Distributions of PM rod length observed in TEM images are expressed by their histogram (Figure ). Mean rod lengths are reported with their corresponding standard deviation (SD) (Table ). PM-mediated gene expressions (Figure ) were analyzed using a one-way analysis of variance (ANOVA) with a post hoc Tukey honesty significant difference (HSD) test. The statistical significance was set at *p < 0.05. Means are reported with their corresponding standard error (SE).

Figure 4

Rod length distribution analyzed from TEM images. n = 100 in each PM sample, [NaCl] = 150 mM.

Table 1

Morphometric Characteristics for the Histogram of PM Rod Length Observed in TEM Images (Figure )a

	PEG–K9CK9C	PEG–CK18C	PEG–CK9CK9	fPEG–K20
mean rod length (SD)/nm	342.6 (104.7)	328.4 (95.8)	377.4 (109.5)	217.2 (84.4)
modeb/nm	310	310	310, 330	210
<200 nm/count	6	9	1	47
ring-shapedc/%	7.6	16.3	28.6	24.2
mean surface area/nm2	8385	8215	8787	6749
PEG density/chains/nm2	0.081	0.083	0.076	0.091

n = 100 for rod-like PMs.

Expressed by the central value of each class (class interval is 20 nm).

Deduced from the number of ring-shaped PMs observed in measuring rod-like PMs up to 100.

Figure 6

Cell line dependency in PM-mediated in vitro gene expression efficacy (n = 4, mean ± SE). The data are expressed as relative light units (RLUs) and an arbitrary unit (AU), and the background value was subtracted from each datum. A one-way ANOVA with post hoc Tukey HSD test was used for the statistical analysis. The statistical significance was set at *p < 0.05.

Results and Discussion

PM Formation

Prior to the physicochemical characterization of PMs, the binding affinity of PEG–peptides to pDNA Col E1 was tested using an EtBr dye exclusion assay (Figure ) and an agarose gel electrophoresis retardation assay (Figure ). In the EtBr dye exclusion assay, the PEG–peptide binding ability to pDNA can be exemplified by measuring the decrease in the fluorescence intensity of EtBr. This decrease in fluorescence intensity reflected the release of intercalated EtBr from pDNA upon PEG–peptide binding. As shown in Figure , when the N/P ratio increased, the EtBr fluorescence intensity sharply decreased at the initial stage N/P < 1.0, followed by a plateau region despite the presence or absence of added salt. This result is in close agreement with our previous work.[19]

Figure 1

Relative binding affinity of PEG–peptides to pDNA in the absence (A) or presence (B) of salt. PEG–K20 (open circle), PEG–K9CK9C (blue circle), PEG–CK18C (red triangle), and PEG–CK9CK9 (cross).

Figure 2

Agarose gel electrophoresis to assess the PM formulation in the case of PEG–K20 in the presence of 150 mM NaCl.

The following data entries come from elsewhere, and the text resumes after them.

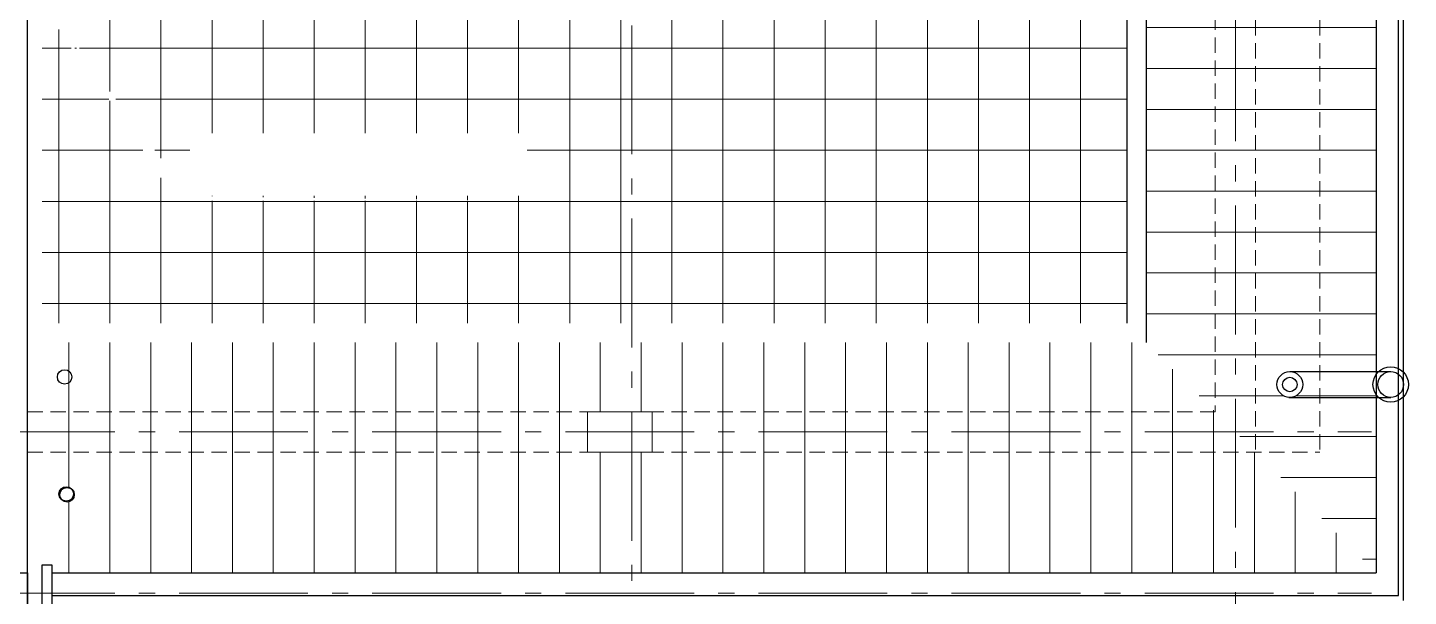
# Model space of a CAD drawing. Header units: millimetres. Extents: x -133165 to 20117, y 15722 to 63536.
# Drawn here: x -76988 to -68408, y 20419 to 23951 of the extents above; entities that cross this region are included whole.
import ezdxf

# ---------------------------------------------------------------- set-up
doc = ezdxf.new("R2010")
doc.units = ezdxf.units.MM
for name, pattern in [('GOST2.303 5', [24, 20, -1.5, 1, -1.5]), ('GOST2.303 6', [12, 8, -1.5, 1, -1.5]), ('HIDDEN', [9.524999999999999, 6.35, -3.175])]:
    doc.linetypes.add(name, pattern=pattern)
doc.layers.get('0').update_dxf_attribs({"lineweight": 15})
for name, color, linetype, lineweight in [('axis', 7, 'GOST2.303 5', 9), ('columns', 170, 'Continuous', 30), ('hatch', 8, 'Continuous', 5), ('wall', 5, 'Continuous', 60)]:
    doc.layers.add(name, color=color, linetype=linetype, lineweight=lineweight)
doc.layers.add('cornice', color=251, linetype='Continuous')
doc.layers.add('hidden', color=9, linetype='HIDDEN')

# ---------------------------------------------------------------- blocks, each defined once
blk = doc.blocks.new('karniz-450mm')
at = {"layer": 'cornice', "ltscale": 50}
for p, q in [((5.820766091346741e-11, 389.9999999998836), (-59.99999999988358, 389.9999999998836)), ((-59.99999999988358, 389.9999999998836), (-60.00000000005821, -60.00000000005821)), ((0, 0), (5.820766091346741e-11, 389.9999999998836)), ((390.0000000001746, 0), (0, 0)), ((390.0000000001746, -60), (390.0000000001746, 0)), ((-60.00000000005821, -60.00000000005821), (390.0000000001746, -60))]:
    blk.add_line(p, q, dxfattribs=at)

msp = doc.modelspace()

# ---------------------------------------------------------------- hatches: boundary and pattern name
at = {"lineweight": 0, "ltscale": 100}
h = msp.add_hatch(dxfattribs=at)
h.set_pattern_fill('LINE', color=252, scale=80, style=0)
h.set_pattern_definition([(0, (161012.635129836, 171779.2810594265), (0, 254), [])])
h.paths.add_polyline_path([(-68957.99696769028, 21814.83290866474), (-68607.9969676902, 21814.83290866474), (-68607.99696769043, 28056.53539056785, -0.01198336641650479), (-68611.91666518802, 28060.06089137969), (-68957.99696769031, 28060.06089137966)])
h.paths.add_polyline_path([(-68957.99696769034, 28060.06089137969), (-69162.99696771045, 28060.06089137969, -0.4142135623730951), (-69242.99696771045, 28140.06089137969, -0.4142135623730951), (-69162.99696771045, 28220.06089137969), (-68957.99696769034, 28220.06089137969), (-68957.99696769034, 28445.06011187015), (-69357.99696769031, 28445.06011187015), (-69357.99696769037, 25690.70212232298), (-68957.99696769031, 25690.70212232295)])
h.paths.add_polyline_path([(-69607.99696769034, 28320.06011187047), (-69608.63897811984, 28320.06011187049), (-70037.99696766569, 27890.70212232467), (-70037.99696766575, 25690.70212232298), (-69607.99696769034, 25690.70212232295)])
h.paths.add_polyline_path([(-69357.99696769031, 24320.06011186875), (-68957.99696769034, 24320.06011186872), (-68957.99696769034, 25050.70212232295), (-69357.99696769034, 25050.70212232298)])
h.paths.add_polyline_path([(-69607.99696769034, 25050.70212232298), (-70037.99696766578, 25050.70212232295), (-70037.99696766575, 24320.06011186875), (-69607.99696769034, 24320.06011186875)])
h.paths.add_polyline_path([(-70037.99696766575, 25370.06011186878), (-70037.99696766581, 25170.70212232295), (-69607.99696769034, 25170.70212232295), (-69607.99696769031, 25370.06011186878)])
h.paths.add_polyline_path([(-68957.99696769031, 25170.70212232295), (-68957.99696769028, 25370.06011186875), (-69087.99696771045, 25370.06011186875, -1), (-69237.99696771045, 25370.06011186875), (-69357.99696769034, 25370.06011186872), (-69357.99696769031, 25170.70212232298)])
h.paths.add_polyline_path([(-69357.9969676904, 25370.06011186878), (-69237.99696771045, 25370.06011186878, -1), (-69087.99696771045, 25370.06011186875), (-68957.99696769031, 25370.06011186872), (-68957.99696769031, 25570.70212232292), (-69357.99696769037, 25570.70212232292)])
h.paths.add_polyline_path([(-70037.99696766578, 25570.70212232298), (-70037.99696766575, 25370.06011186878), (-69607.99696769034, 25370.06011186878), (-69607.99696769037, 25570.70212232292)])
h.paths.add_polyline_path([(-70037.99696766587, 21995.06011184404), (-69607.99696769034, 21565.06011186849), (-69607.99696769034, 24320.06011186875), (-70037.99696766575, 24320.06011186875)])
h.paths.add_polyline_path([(-68957.99696769031, 24320.06011186872), (-69357.99696769034, 24320.06011186872), (-69357.99696769034, 21734.83290866474), (-69224.57644056158, 21734.83290866474, -0.4142135623730951), (-69144.57644056158, 21814.83290866474), (-68957.99696769028, 21814.83290866477)])
h.paths.add_polyline_path([(-68607.99696769014, 20565.06011186828), (-68607.9969676902, 21671.58657592762, -0.1543471302611581), (-68627.9969677085, 21734.83212915706, -0.1543471302611581), (-68607.9969676902, 21798.0776823865), (-68607.9969676902, 21814.83290866474), (-68957.99696769031, 21814.83290866474), (-68957.99696769031, 21734.83290866471), (-69064.57644056158, 21734.83290866471, -1), (-69224.57644056158, 21734.83290866474), (-69357.99696769037, 21734.83290866474), (-69357.99696769034, 21315.06011186854)])
h.paths.add_polyline_path([(-69607.99696769034, 21565.06011186849), (-69482.99696769034, 21440.06011186846), (-69482.99696769034, 24320.06011186875), (-69607.99696769037, 24320.06011186875)])
h.paths.add_polyline_path([(-69482.9969676904, 21440.06011186857), (-69357.99696769031, 21315.06011186849), (-69357.99696769034, 24320.06011186875), (-69482.99696769034, 24320.06011186878)])
h.paths.add_polyline_path([(-70012.71746422995, 26335.611198172), (-70012.71746422995, 27104.361198172), (-69607.99696769031, 27104.361198172), (-69607.99696769031, 26335.611198172)], flags=9)
h = msp.add_hatch(dxfattribs=at)
h.set_pattern_fill('LINE', color=252, scale=80, angle=90, style=0)
h.set_pattern_definition([(90, (161012.635129836, 171779.2810594265), (-254, 1.555301434917139e-14), [])])
h.paths.add_polyline_path([(-76897.99696769188, 21995.07030248703), (-76897.99696769188, 21565.06011186881), (-73507.99696768877, 21565.06011186881), (-73507.99696768877, 21565.70212229833), (-73232.99696768877, 21565.70212229833), (-73232.99696768877, 21995.07030248703)])
h.paths.add_polyline_path([(-69607.99696769069, 21565.06011186886), (-70038.00715830877, 21995.07030248703), (-73232.99696768874, 21995.07030248703), (-73232.9969676888, 21565.70212229833), (-73107.99696768877, 21565.70212229833), (-73107.99696768877, 21565.06011186884)])
h.paths.add_polyline_path([(-73232.99696768877, 21315.06011186884), (-73232.99696768874, 20565.06011186834), (-69482.99696769034, 20565.06011186834), (-69482.99696769034, 21315.06011186886)])
h.paths.add_polyline_path([(-76897.99696769191, 21315.06011186881), (-76897.99696769191, 21055.06011221389), (-76792.9969677177, 21055.06011221389, -0.6970015435031642), (-76713.77552388688, 21084.28155608886, -0.2194353515499098), (-76697.99696771202, 21050.06011221552, -0.6970015435029239), (-76777.21841154284, 21020.83866834058, -0.2194353515499098), (-76792.9969677177, 21055.06011221392), (-76897.99696769194, 21055.06011221392), (-76897.99696769191, 20615.06011187178), (-76837.996967692, 20615.06011187178), (-76837.99696769197, 20565.06011186831), (-73232.99696768874, 20565.06011186834), (-73232.99696768874, 21315.06011186884)])
h.paths.add_polyline_path([(-69482.99696769037, 20565.06011186834), (-68607.99696769025, 20565.06011186837), (-69357.99696769072, 21315.06011186886), (-69482.99696769037, 21315.06011186884)])
h.paths.add_polyline_path([(-73107.99696768877, 21440.06011187195), (-73107.9969676888, 21315.06011186884), (-69482.99696769034, 21315.06011186886), (-69482.99696769034, 21440.06011187195)])
h.paths.add_polyline_path([(-69482.99696769375, 21440.06011187195), (-69607.99696769066, 21565.06011186886), (-73107.99696768874, 21565.06011186884), (-73107.99696768874, 21440.06011187198)])
h.paths.add_polyline_path([(-73507.99696768877, 21315.06011186886), (-73507.99696768877, 21440.06011187198), (-76897.99696769191, 21440.06011187198), (-76897.99696769194, 21315.06011186884)])
h.paths.add_polyline_path([(-73507.99696768877, 21440.06011187195), (-73507.99696768874, 21565.06011186886), (-76897.99696769191, 21565.06011186881), (-76897.99696769188, 21440.06011187195)])
at = {"layer": 'hatch', "lineweight": 0, "ltscale": 100}
h = msp.add_hatch(dxfattribs=at)
h.set_pattern_fill('NET', color=256, scale=100, style=0)
h.set_pattern_definition([(0, (161012.635129836, 171779.2810594265), (0, 317.5), []), (90, (161012.635129836, 171779.2810594265), (-317.5, 1.944126793646423e-14), [])])
h.paths.add_polyline_path([(-73232.99696768877, 22115.07030248703), (-71149.93555706409, 24320.06011186875), (-72957.99696768883, 24320.06011186875), (-72957.99696768871, 24045.06011186869), (-73232.99696768874, 24045.06011186875)])
h.paths.add_polyline_path([(-70157.99696766575, 25370.06011186875), (-73017.9969676888, 25370.06011186872), (-73017.99696768877, 24495.0601118686), (-72957.99696768889, 24495.06011186866), (-72957.9969676888, 24320.06011186875), (-71149.93555706406, 24320.06011186875)])
h.paths.add_polyline_path([(-70157.99696766572, 24320.06011186872), (-70157.99696766575, 25370.06011186875), (-71149.93555706412, 24320.06011186875)])
h.paths.add_polyline_path([(-71149.93555706412, 24320.06011186872), (-73232.99696768874, 22115.07030248703), (-70157.99696766578, 22115.07030248703), (-70157.99696766575, 24320.06011186875)])
h.paths.add_polyline_path([(-73232.99696768877, 24045.06011186872), (-73407.99696768897, 24045.06011186875), (-73407.99696768897, 24105.0601118682), (-76207.99696768877, 24105.06011186875), (-76757.99696769218, 24105.06011186875), (-76757.99696769218, 24010.06011223703, -0.4142135623730951), (-76712.99696769218, 23965.06011223703, -1), (-76802.99696769218, 23965.06011223703), (-76897.99696769194, 23965.06011223703), (-76897.99696769194, 22115.07030248703), (-73232.9969676888, 22115.070302487)])
h.paths.add_polyline_path([(-70157.99696766575, 25370.06011186875), (-73017.99696768877, 27762.33751601478), (-73017.9969676888, 25370.06011186875)])
h.paths.add_polyline_path([(-70157.99696766563, 25370.06011186878), (-70157.99696766563, 27770.70212232298), (-73017.99696768877, 27770.70212232295), (-73017.99696768877, 27762.33751601478)])
edge = h.paths.add_edge_path(flags=17)
edge.add_line((-76764.14163176897, 23929.39243012838), (-76556.05926902335, 23706.90671791675))
edge.add_line((-76556.05926902335, 23706.90671791675), (-76639.83000010489, 23651.28313496345))
edge.add_line((-76639.83000010489, 23651.28313496345), (-76764.14163176897, 23929.39243012838))
edge.add_line((-76764.14163176897, 23929.39243012838), (-76064.18299889028, 22875.23440416445))
edge.add_line((-76064.18299889028, 22875.23440416445), (-73798.97030963287, 22875.23440416445))
edge.add_line((-75979.34161460765, 22905.74990524593), (-73883.8116939155, 22905.74990524593))
edge.add_line((-73883.8116939155, 22905.74990524593), (-73883.8116939155, 23296.70159955017))
edge.add_line((-73883.8116939155, 23296.70159955017), (-75979.34161460765, 23296.70159955017))
edge.add_line((-75979.34161460765, 23296.70159955017), (-75979.34161460765, 22905.74990524593))
h.paths.add_polyline_path([(-75594.79906592307, 23500.98576213725), (-74641.35431831052, 23500.98576213725), (-74641.35431831052, 23963.46870893126), (-75594.79906592307, 23963.46870893126)], flags=24)
h.paths.add_polyline_path([(-74531.11614832519, 23639.10177831489), (-73666.77440207692, 23639.10177831489), (-73666.77440207692, 24027.14748090695), (-74531.11614832519, 24027.14748090695)], flags=24)
h.paths.add_polyline_path([(-76575.57199523672, 23602.66746527221), (-75711.23024898845, 23602.66746527221), (-75711.23024898845, 23990.71316786428), (-76575.57199523672, 23990.71316786428)], flags=24)

# ---------------------------------------------------------------- linework, layer by layer
at = {"layer": 'axis', "color": 147, "linetype": 'GOST2.303 6', "lineweight": 0, "ltscale": 100}
for p, q in [((-69482.99696769034, 37246.17652681365), (-69482.99696769034, 16472.02038114992)), ((-73232.99696768877, 28765.06011187055), (-73232.99696768877, 16472.02038115021)), ((-73472.99696768941, 21565.70212229833), (-73322.99696768924, 21565.70212229792)), ((-92846.26304640369, 21440.06011187195), (-68637.99696768912, 21440.06011187195)), ((-92846.26304640369, 20440.06011187195), (-68637.99696768912, 20440.06011187195))]:
    msp.add_line(p, q, dxfattribs=at)
msp.add_lwpolyline([(-73107.99696768877, 21315.70212229833), (-73507.99696768877, 21315.70212229833), (-73507.99696768877, 21565.70212229833), (-73107.99696768877, 21565.70212229833)], close=True, dxfattribs=at)
at = {"layer": 'columns', "ltscale": 100}
for p, q in [((-70037.99696766569, 27890.70212232464), (-70037.99696766581, 21995.06011184401)), ((-70157.99696766566, 27770.70212232295), (-70157.99696766581, 22115.07030248703))]:
    msp.add_line(p, q, dxfattribs=at)
at = {"layer": 'hidden', "linetype": 'HIDDEN', "lineweight": 0, "ltscale": 15}
for p, q in [((-69357.99696769034, 28570.06011187049), (-69357.99696769034, 21315.06011186886)), ((-68957.99696769031, 28570.06011187047), (-68957.99696769031, 21315.06011186889)), ((-69607.99696769034, 28320.06011187049), (-69607.99696769034, 21565.06011186886)), ((-76987.99696769191, 21565.06011186881), (-69607.99696769034, 21565.06011186886)), ((-76987.99696769191, 21315.06011186881), (-68957.99696769031, 21315.06011186889))]:
    msp.add_line(p, q, dxfattribs=at)
at = {"layer": 'wall', "color": 5, "lineweight": -2, "ltscale": 100}
for p, q in [((-68468.63897813154, 20424.41810143011), (-68468.63897813157, 29460.06011186171)), ((-68438.63897813151, 20394.41810143011), (-68438.63897813162, 29490.06011186171)), ((-68607.99696769049, 29320.70212229993), (-68607.99696769014, 20565.0601118684)), ((-76987.99696769191, 20315.06011187189), (-76987.99696769191, 24195.06011186875)), ((-69144.57644056158, 21814.83290866474), (-68517.99696770853, 21814.83290866474)), ((-69151.32511202291, 21654.83290866474), (-68517.64380963526, 21654.83290866474)), ((-76837.99696769203, 20565.06011186834), (-68607.99696769025, 20565.06011186837)), ((-76837.99696769191, 20424.41810143023), (-68468.63897813154, 20424.41810143011))]:
    msp.add_line(p, q, dxfattribs=at)
msp.add_lwpolyline([(-77237.99696768877, 20565.06011187195), (-76987.99696768877, 20565.06011187195), (-76987.99696768877, 20315.06011187195), (-77237.99696768877, 20315.06011187195)], close=True, dxfattribs=at)
for centre, radius in [((-76757.99696769218, 21781.78404211745), 45), ((-69144.57644056158, 21734.83290866474), 80), ((-68517.9969677085, 21734.83212915706), 110.0000000000009), ((-68517.9969677085, 21734.83212915706), 80), ((-69144.57644056158, 21734.83290866474), 45), ((-76747.9969677177, 21055.06011221392), 45), ((-76742.99696771202, 21050.06011221552), 45)]:
    msp.add_circle(centre, radius, dxfattribs=at)

# ---------------------------------------------------------------- block references
at = {"layer": 'cornice', "xscale": -1}
msp.add_blockref('karniz-450mm', (-76897.99696769191, 20225.06011187189), dxfattribs=at)

doc.saveas('drawing.dxf')

A gel retardation assay was conducted in the case of PEG–K20 as a typical example in the presence of 150 mM NaCl. The gel electrophoretic mobility of pDNA also qualitatively reflects the binding of PEG–peptides to pDNA. As shown in Figure , pDNA mobility decreased sharply in the region of N/P < 0.75, and pDNA migration was not detected with a further increase in PEG–K20. This trend is consistent with the EtBr dye exclusion assay results, as shown in Figure , and the zeta potential measurement results of our previous work.[19] In the range of tested N/P ratios, a charge-inverted PM[22,23] that occurs with the presence of excess cations and migrates toward the opposite direction was not detected, suggesting that PMs composed of PEG–peptides were formulated as charge-neutralized pDNA condensates in the presence of added salt. Based on these characterizations, the N/P ratio was set at 2.0 as a standard condition.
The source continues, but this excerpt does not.